The physics of these remarkable smallscale systems, displaying coherence or entanglement, constitute extreme quantum regimes. As such, a crucial question is: to what degree do traditional thermodynamic formulations and techniques encapsulate this regime? This is a broad, foundational question about thermodynamics. It is increasingly apparent that the traditional entropic formulation that emerges as an essentially unique description of the irreversibility of classical, macroscopic systems, will only place necessary, but not sufficient, constraints on the physics of smallscale systems manifesting coherence or quantum correlations.

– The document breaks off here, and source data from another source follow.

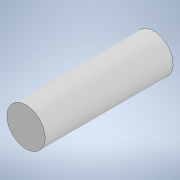
# Autodesk Inventor part: CilindroHidraulico_1
Saved by Autodesk Inventor 2021 (Build 250183000, 183)
## iProperties
Created: 2021-07-12
Part Number: CilindroHidraulico_1
Material: Generic
Document SubType Name: Modeling
Designer: Nelson
Density: 1 g/cm^3
Appearance: Default
Author: Nelson
Autodesk Inventor part; units mm, degrees
ref_plane "YZ Plane" through (0, 0, 0) normal (1, 0, 0) x (0, 1, 0)
ref_plane "XZ Plane" through (0, 0, 0) normal (0, 1, 0) x (-1, 0, 0)
ref_plane "XY Plane" through (0, 0, 0) normal (0, 0, 1) x (1, 0, 0)
sketch "Sketch2" plane through (0, 0, 0) normal (1, 0, 0) x (0, 1, 0)
  line L0 (0, 0) -> (50, 0)
  line L1 (50, -335) -> (0, -335)
  line L2 (0, -335) -> (0, 0)
  line L3 (0, 0) -> (50, 0)
  line L4 (50, 0) -> (50, -26)
  line L5 (50, -26) -> (12.5, -26)
  line L6 (50, -335) -> (50, -248)
  line L7 (50, -248) -> (12.5, -248)
  line L8 (12.5, -26) -> (12.5, -248)
  line L9 (0, -335) -> (0, -465) construction
  dimension "d4" = 50
  dimension "d7" = 335
  dimension "d8" = 50
  dimension "d9" = 26
  dimension "d10" = 37.5
  dimension "d12" = 37.5
  dimension "d20" = 87
  constraints: 20 end point, 2 horizontal, 2 parallel, 2 perpendicular, 2 vertical, 1 collinear
  measures "d4" distance of L1.start L1.end
  measures "d7" distance of L1.end L0.start
  measures "d8" distance of L0.start L0.end
  measures "d9" distance of L0.end L4.end
  measures "d10" distance of L4.end L5.end
  measures "d12" distance of L6.end L7.end
  measures "d20" distance of L1.start L6.end
revolve "Revolution1" add sketch "Sketch2" angle 360 about axis through (0, 50, 0) along (0, 0, -1)
sketch "Sketch3" plane through (0, 50, -335) normal (0, 0, -1) x (-1, 0, 0)
  circle A0 centre (0, 0) radius 28
  point P0 (0, -50)
  dimension "d14" = 56
  constraints: 1 centre point
  measures "d14" diameter of A0
extrude "Extrusion2" cut sketch "Sketch3" against normal blind 309
equation "\"d4\" = d8"
equation "\"d12\" = d10"
body "Solid2"
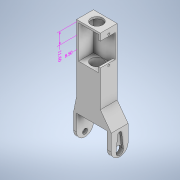
# Autodesk Inventor part: juncao2
Saved by Autodesk Inventor 2022.1 (Build 261234000, 234)
## iProperties
Created: 2021-08-02
Part Number: juncao2
Material: Generic
Document SubType Name: Modeling
Designer: nakai
Density: 1 g/cm^3
Appearance: Default
Author: nakai
Autodesk Inventor part; units mm, degrees
ref_plane "YZ Plane" through (0, 0, 0) normal (1, 0, 0) x (0, 1, 0)
ref_plane "XZ Plane" through (0, 0, 0) normal (0, 1, 0) x (-1, 0, 0)
ref_plane "XY Plane" through (0, 0, 0) normal (0, 0, 1) x (1, 0, 0)
sketch "Sketch1" plane through (0, 0, 0) normal (0, 0, 1) x (1, 0, 0)
  line L0 (0, 0) -> (24, 0)
  line L1 (24, 0) -> (24, -80)
  line L2 (24, -80) -> (0, -80)
  line L3 (0, -80) -> (0, 0)
  dimension "d0" = 24
  dimension "d1" = 80
  constraints: 8 end point, 2 parallel, 1 horizontal, 1 perpendicular
  measures "d0" distance of L1.end L2.end
  measures "d1" distance of L0.end L1.end
extrude "Extrusion1" add sketch "Sketch1" along normal blind 2
sketch "Sketch2" plane through (0, 0, 2) normal (0, 0, 1) x (1, 0, 0)
  line L0 (0, -80) -> (24, -80) projected
  line L1 (0, 0) -> (2, 0)
  line L2 (2, 0) -> (2, -80)
  line L3 (2, -80) -> (0, -80)
  line L4 (0, -80) -> (0, 0)
  line L5 (24, -80) -> (24, 0) projected
  line L6 (24, 0) -> (22, 0)
  line L7 (22, 0) -> (22, -80)
  line L8 (22, -80) -> (24, -80)
  line L9 (24, -80) -> (24, 0)
  dimension "d4" = 2
  dimension "d5" = 2
  constraints: 16 end point, 4 parallel, 2 horizontal, 2 perpendicular, 2 point on line
  measures "d4" distance of L2.end L3.end
  measures "d5" distance of L8.end L7.end
extrude "Extrusion2" add sketch "Sketch2" along normal blind 15
sketch "Sketch3" plane through (24, -80, 0) normal (1, 0, 0) x (0, 0, -1)
  circle A0 centre (-8.5, 77) radius 1
  circle A1 centre (-8.5, 49.5) radius 1
  line L0 (-17, 0) -> (-17, 80) projected
  line L1 (0, 80) -> (-17, 80) projected
  dimension "d8" = 2
  dimension "d9" = 2
  dimension "d10" = 8.5
  dimension "d11" = 8.5
  dimension "d12" = 27.5
  dimension "d13" = 3
  constraints: 2 centre point
  measures "d8" diameter of A0
  measures "d9" diameter of A1
  measures "d10" distance from line of L0 A0.centre
  measures "d11" distance from line of L0 A1.centre
  measures "d12" distance of A1.centre A0.centre
  measures "d13" distance from line of L1 A0.centre
extrude "Extrusion3" cut sketch "Sketch3" against normal up to surface (2 mm away)
sketch "Sketch4" plane through (24, -80, 0) normal (1, 0, 0) x (0, 0, -1)
  line L0 (-17, 80) -> (-17, 0) projected
  line L1 (-17, 75) -> (-2, 75)
  line L2 (-2, 75) -> (-2, 51.5)
  line L3 (-2, 51.5) -> (-17, 51.5)
  line L4 (-17, 51.5) -> (-17, 75)
  circle A0 centre (-8.5, 77) radius 1 projected
  circle A1 centre (-8.5, 49.5) radius 1 projected
  dimension "d23" = 15
  dimension "d24" = 23.5
  dimension "d25" = 2
  dimension "d26" = 2
  constraints: 8 end point, 2 parallel, 1 horizontal, 1 perpendicular, 1 point on line
  measures "d23" distance of L2.end L3.end
  measures "d24" distance of L1.end L2.end
  measures "d25" distance from line of A0.centre L1
  measures "d26" distance from line of A1.centre L3
extrude "Extrusion4" cut sketch "Sketch4" against normal up to surface (2 mm away) contours L1 L2 L3 L0
sketch "Sketch5" plane through (0, -80, 0) normal (-1, 0, 0) x (0, 0, 1)
  circle A0 centre (8.5, 68.4) radius 2.5
  circle A1 centre (8.5, 77) radius 1 projected
  point P0 (0, 80)
  dimension "d29" = 5
  dimension "d32" = 8.6
  dimension "d33" = 0
  constraints: 1 centre point
  measures "d29" diameter of A0
  measures "d32" distance of A1.centre A0.centre
  measures "d33" horizontal distance of A0.centre A1.centre
extrude "Extrusion5" add sketch "Sketch5" along normal blind 5 contours A0
sketch "Sketch12" plane through (0, 0, 0) normal (0, 0, -1) x (-1, 0, 0)
  line L0 (3, -80) -> (-35, -80)
  line L1 (-35, -80) -> (-35, -105)
  line L2 (-35, -105) -> (3, -105)
  line L3 (3, -105) -> (3, -80)
  line L4 (0, 0) -> (0, -80) projected
  line L5 (-2, -80) -> (-22, -80) projected
  line L6 (3, -80) -> (0, -80)
  line L7 (0, -80) -> (0, -105)
  line L8 (0, -105) -> (3, -105)
  line L9 (3, -105) -> (3, -80)
  line L10 (-35, -80) -> (-31, -80)
  line L11 (-31, -80) -> (-31, -105)
  line L12 (-31, -105) -> (-35, -105)
  line L13 (-35, -105) -> (-35, -80)
  dimension "d52" = 3
  dimension "d53" = 25
  dimension "d54" = 0
  dimension "d55" = 3
  dimension "d56" = 4
  dimension "d83" = 31
  constraints: 24 end point, 6 parallel, 3 horizontal, 3 perpendicular, 2 point on line
  measures "d52" distance between parallel lines of L3 L4
  measures "d53" distance between parallel lines of L2 L0
  measures "d54" distance between parallel lines of L5 L0
  measures "d55" distance of L8.end L7.end
  measures "d56" distance of L11.end L12.end
  measures "d83" distance between parallel lines of L11 L7
extrude "Extrusion9" add sketch "Sketch12" against normal up to surface (17 mm away) contours L3 L2 L7 L0 | L2 L1 L0 L11
sketch "Sketch13" plane through (0, 0, 0) normal (0, 0, -1) x (-1, 0, 0)
  line L0 (-31, -80) -> (-35, -80) projected
  line L1 (0, -80) -> (-24, -80) projected
  line L2 (-35, -80) -> (-24, -80)
  line L3 (-24, -80) -> (-24, -65)
  line L4 (-24, -65) -> (-35, -80)
  line L5 (0, -80) -> (0, -65)
  line L6 (0, 0) -> (0, -80) projected
  line L7 (0, -80) -> (15, -80) construction
  line L8 (0, -65) -> (3, -80)
  line L9 (3, -80) -> (0, -80)
  dimension "d59" = 15
  dimension "d60" = 90
  dimension "d63" = 15
  dimension "d64" = 90
  constraints: 14 end point, 3 perpendicular, 2 horizontal, 1 collinear
  measures "d59" distance of L1.end L3.end
  measures "d60" angle of L3 L2
  measures "d63" distance of L1.start L5.end
  measures "d64" angle of L7 L5
extrude "Extrusion10" add sketch "Sketch13" against normal up to surface (17 mm away)
sketch "Sketch14" plane through (-3, -105, 0) normal (-1, 0, 0) x (0, 0, 1)
  circle A0 centre (8.5, 5) radius 2.5
  line L0 (17, 0) -> (17, 25) projected
  line L1 (0, 25) -> (17, 25) projected
  point P0 (0, 105)
  dimension "d65" = 5
  dimension "d66" = 8.5
  dimension "d67" = 20
  constraints: 1 centre point
  measures "d65" diameter of A0
  measures "d66" distance from line of L0 A0.centre
  measures "d67" distance from line of L1 A0.centre
extrude "Extrusion11" cut sketch "Sketch14" against normal up to surface (38 mm away)
sketch "Sketch15" plane through (0, 0, 0) normal (0, 1, 0) x (1, 0, 0)
  line L0 (24, -17) -> (24, 0) projected
  line L1 (2, -17) -> (0, -17) projected
  line L2 (24, 0) -> (0, 0)
  line L3 (0, 0) -> (0, -17)
  line L4 (0, -17) -> (24, -17)
  line L5 (24, -17) -> (24, 0)
  constraints: 8 end point, 2 parallel, 1 horizontal, 1 perpendicular
extrude "Extrusion12" add sketch "Sketch15" along normal blind 2
sketch "Sketch16" plane through (2, -80, 2) normal (0, -1, 0) x (1, 0, 0)
  line L0 (0, 15) -> (20, 15) projected
  line L1 (0, 0) -> (20, 0) projected
  line L2 (0, 15) -> (20, 15)
  line L3 (20, 15) -> (20, 0)
  line L4 (20, 0) -> (0, 0)
  line L5 (0, 0) -> (0, 15)
  point P0 (-2, -2)
  constraints: 8 end point, 2 parallel, 1 horizontal, 1 perpendicular
extrude "Extrusion13" add sketch "Sketch16" against normal blind 46.5
sketch "Sketch17" plane through (0, 2, 0) normal (0, 1, 0) x (1, 0, 0)
  circle A0 centre (12, -8.5) radius 6
  line L0 (24, -17) -> (24, 0) projected
  line L1 (24, 0) -> (0, 0) projected
  dimension "d74" = 12
  dimension "d75" = 12
  dimension "d76" = 8.5
  constraints: 1 centre point
  measures "d74" diameter of A0
  measures "d75" distance from line of L0 A0.centre
  measures "d76" distance from line of L1 A0.centre
extrude "Extrusion14" cut sketch "Sketch17" against normal up to surface (82 mm away)
fillet "Fillet2" radius 8.5 4 edges at (33, -105, 0) (-1.5, -105, 0) (33, -105, 17) (-1.5, -105, 17)
sketch "Sketch18" plane through (35, -80, 17) normal (1, 0, 0) x (0, 0, -1)
  circle A0 centre (8.5, -20) radius 2.5 projected
  circle A1 centre (8.5, -20) radius 3.75
  point P0 (17, 80)
  dimension "d80" = 7.5
  constraints: 1 centre point, 1 coincident
  measures "d80" diameter of A1
extrude "Extrusion15" cut sketch "Sketch18" against normal up to surface (4 mm away) contours A0 | A1
sketch "Sketch20" plane through (35, -80, 17) normal (1, 0, 0) x (0, 0, -1)
  circle A0 centre (8.5, -5) radius 2
  circle A1 centre (8.5, -20) radius 3.75 projected
  line L0 (10.4863, -4.7667) -> (12.2244, -19.5625)
  line L1 (6.5137, -4.7667) -> (4.7756, -19.5625)
  circle A2 centre (8.5, -5) radius 2
  circle A3 centre (8.5, -20) radius 3.75
  line L2 (10.4863, -4.7667) -> (12.2244, -19.5625)
  line L3 (6.5137, -4.7667) -> (4.7756, -19.5625)
  point P0 (17, 80)
  dimension "d84" = 4
  dimension "d85" = 15
  dimension "d86" = 0
  dimension "d89" = 4
  dimension "d90" = 15
  dimension "d91" = 0
  constraints: 8 end point, 8 point on circle, 8 tangent, 3 centre point
  measures "d84" diameter of A0
  measures "d85" distance of A1.centre A0.centre
  measures "d86" horizontal distance of A1.centre A0.centre
  measures "d89" diameter of A2
  measures "d90" distance of A3.centre A2.centre
  measures "d91" horizontal distance of A3.centre A2.centre
extrude "Extrusion16" cut sketch "Sketch20" against normal blind 2 contours A0 | A0 L0 A1 L1
body "Solid1"

The textbook treatments of classical, macroscopic equilibrium thermodynamics are typically based on notions such as Carnot cycles, with the entropy function generically defined via an integral in terms of heat flow^{16}. This thermodynamic entropy function is then assumed (but often not proved) to completely describe the irreversible constraints on the system at hand. Alternative approaches follow a statistical mechanical treatment of the system based on underlying microstates, and provide an explanation of the thermodynamics in terms of microscopic degrees of freedom.
However, more rigorous derivations of the entropic form of the second law exist, such as by Carathéodory^{17}, Giles^{18} and more recently by Lieb and Yngvason^{19}. Of central importance is the partial order of thermodynamic states, from which an entropy function can then be derived in a rigorous manner. The existence of an essentially unique entropic form of the second law is found to be equivalent to assumptions that fail to hold in smallscale systems or high correlation quantum environments. For example, a scaling hypothesis is required, which is no longer valid for small systems. In addition a ‘Comparison Hypothesis’^{18,19} is required to hold (or derived from other axioms), which in itself makes a highly nontrivial assumption on the structure of the thermodynamic partial order. Outside of the macroscopic classical regime, quantum systems will generically possess coherence or entanglement, and the ordering of states typically displays a much richer structure^{20}.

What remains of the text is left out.